§ WORK INSTRUCTIONS
Write out the entries, please, from the line containing "BOSS_EXTRUDE1_DEPTH = 12.7" through their final line, exactly and with nothing else.

§ LISTED ENTRIES
━━━━━━━━
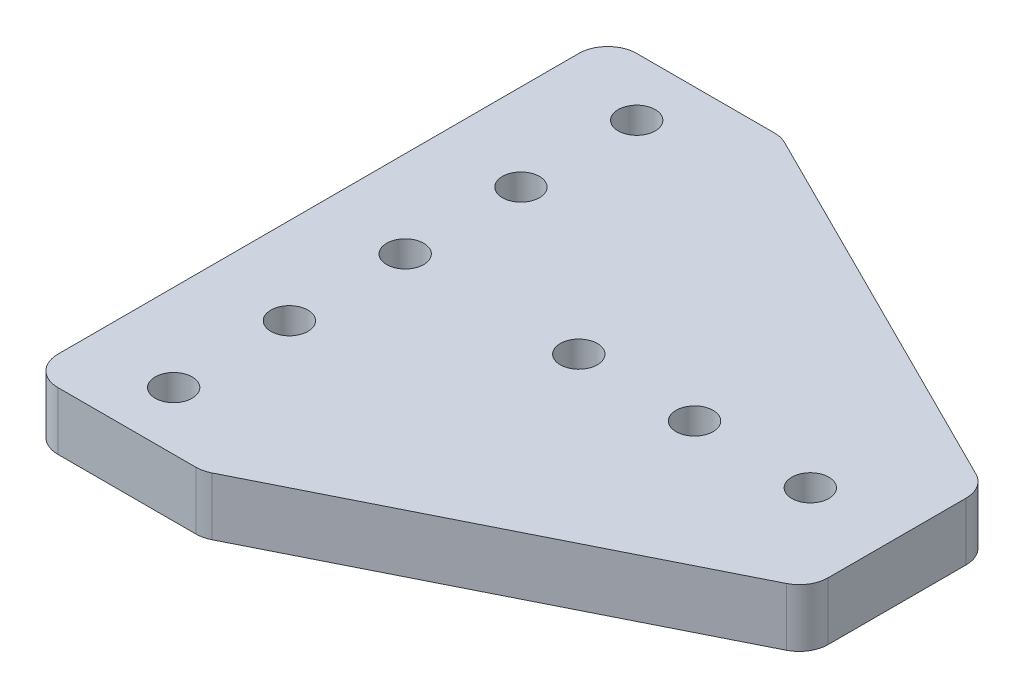
from build123d import *

# Parameters (mm, degrees)
SKETCH1_R           = 4.064
BOSS_EXTRUDE1_DEPTH = 12.7
FILLET1_R           = 6.35


with BuildPart() as part:
    # Sketch1 → Boss-Extrude1 (new body)
    with BuildSketch(Plane(origin=(0, 0, 0), x_dir=(1, 0, 0), z_dir=(0, 1, 0))):
        Polygon((0, 0), (0, 127), (38.1, 127), (127, 82.55), (127, 44.45), (38.1, 0), align=None)
        with Locations(Location((19.05, 12.7, 0), (0, 0, 270))):
            Circle(SKETCH1_R, mode=Mode.SUBTRACT)
        with Locations(Location((19.05, 38.1, 0), (0, 0, 270))):
            Circle(SKETCH1_R, mode=Mode.SUBTRACT)
        with Locations(Location((19.05, 63.5, 0), (0, 0, 270))):
            Circle(SKETCH1_R, mode=Mode.SUBTRACT)
        with Locations(Location((19.05, 88.9, 0), (0, 0, 270))):
            Circle(SKETCH1_R, mode=Mode.SUBTRACT)
        with Locations(Location((19.05, 114.3, 0), (0, 0, 270))):
            Circle(SKETCH1_R, mode=Mode.SUBTRACT)
        with Locations(Location((107.95, 63.5, 0), (0, 0, 270))):
            Circle(SKETCH1_R, mode=Mode.SUBTRACT)
        with Locations(Location((82.55, 63.5, 0), (0, 0, 270))):
            Circle(SKETCH1_R, mode=Mode.SUBTRACT)
        with Locations(Location((57.15, 63.5, 0), (0, 0, 270))):
            Circle(SKETCH1_R, mode=Mode.SUBTRACT)
    extrude(amount=BOSS_EXTRUDE1_DEPTH)

    # Fillet1
    fillet1_edges = [part.edges().sort_by_distance(p)[0] for p in [
        (0, 6.35, 0),
        (0, 6.35, -127),
        (38.1, 6.35, -127),
        (127, 6.35, -82.55),
        (127, 6.35, -44.45),
        (38.1, 6.35, 0),
    ]]
    fillet(fillet1_edges, radius=FILLET1_R)


solid = part.part
━━━━━━━━
§ ANSWER SECTION
BOSS_EXTRUDE1_DEPTH = 12.7
FILLET1_R           = 6.35


with BuildPart() as part:
    # Sketch1 → Boss-Extrude1 (new body)
    with BuildSketch(Plane(origin=(0, 0, 0), x_dir=(1, 0, 0), z_dir=(0, 1, 0))):
        Polygon((0, 0), (0, 127), (38.1, 127), (127, 82.55), (127, 44.45), (38.1, 0), align=None)
        with Locations(Location((19.05, 12.7, 0), (0, 0, 270))):
            Circle(SKETCH1_R, mode=Mode.SUBTRACT)
        with Locations(Location((19.05, 38.1, 0), (0, 0, 270))):
            Circle(SKETCH1_R, mode=Mode.SUBTRACT)
        with Locations(Location((19.05, 63.5, 0), (0, 0, 270))):
            Circle(SKETCH1_R, mode=Mode.SUBTRACT)
        with Locations(Location((19.05, 88.9, 0), (0, 0, 270))):
            Circle(SKETCH1_R, mode=Mode.SUBTRACT)
        with Locations(Location((19.05, 114.3, 0), (0, 0, 270))):
            Circle(SKETCH1_R, mode=Mode.SUBTRACT)
        with Locations(Location((107.95, 63.5, 0), (0, 0, 270))):
            Circle(SKETCH1_R, mode=Mode.SUBTRACT)
        with Locations(Location((82.55, 63.5, 0), (0, 0, 270))):
            Circle(SKETCH1_R, mode=Mode.SUBTRACT)
        with Locations(Location((57.15, 63.5, 0), (0, 0, 270))):
            Circle(SKETCH1_R, mode=Mode.SUBTRACT)
    extrude(amount=BOSS_EXTRUDE1_DEPTH)

    # Fillet1
    fillet1_edges = [part.edges().sort_by_distance(p)[0] for p in [
        (0, 6.35, 0),
        (0, 6.35, -127),
        (38.1, 6.35, -127),
        (127, 6.35, -82.55),
        (127, 6.35, -44.45),
        (38.1, 6.35, 0),
    ]]
    fillet(fillet1_edges, radius=FILLET1_R)


solid = part.part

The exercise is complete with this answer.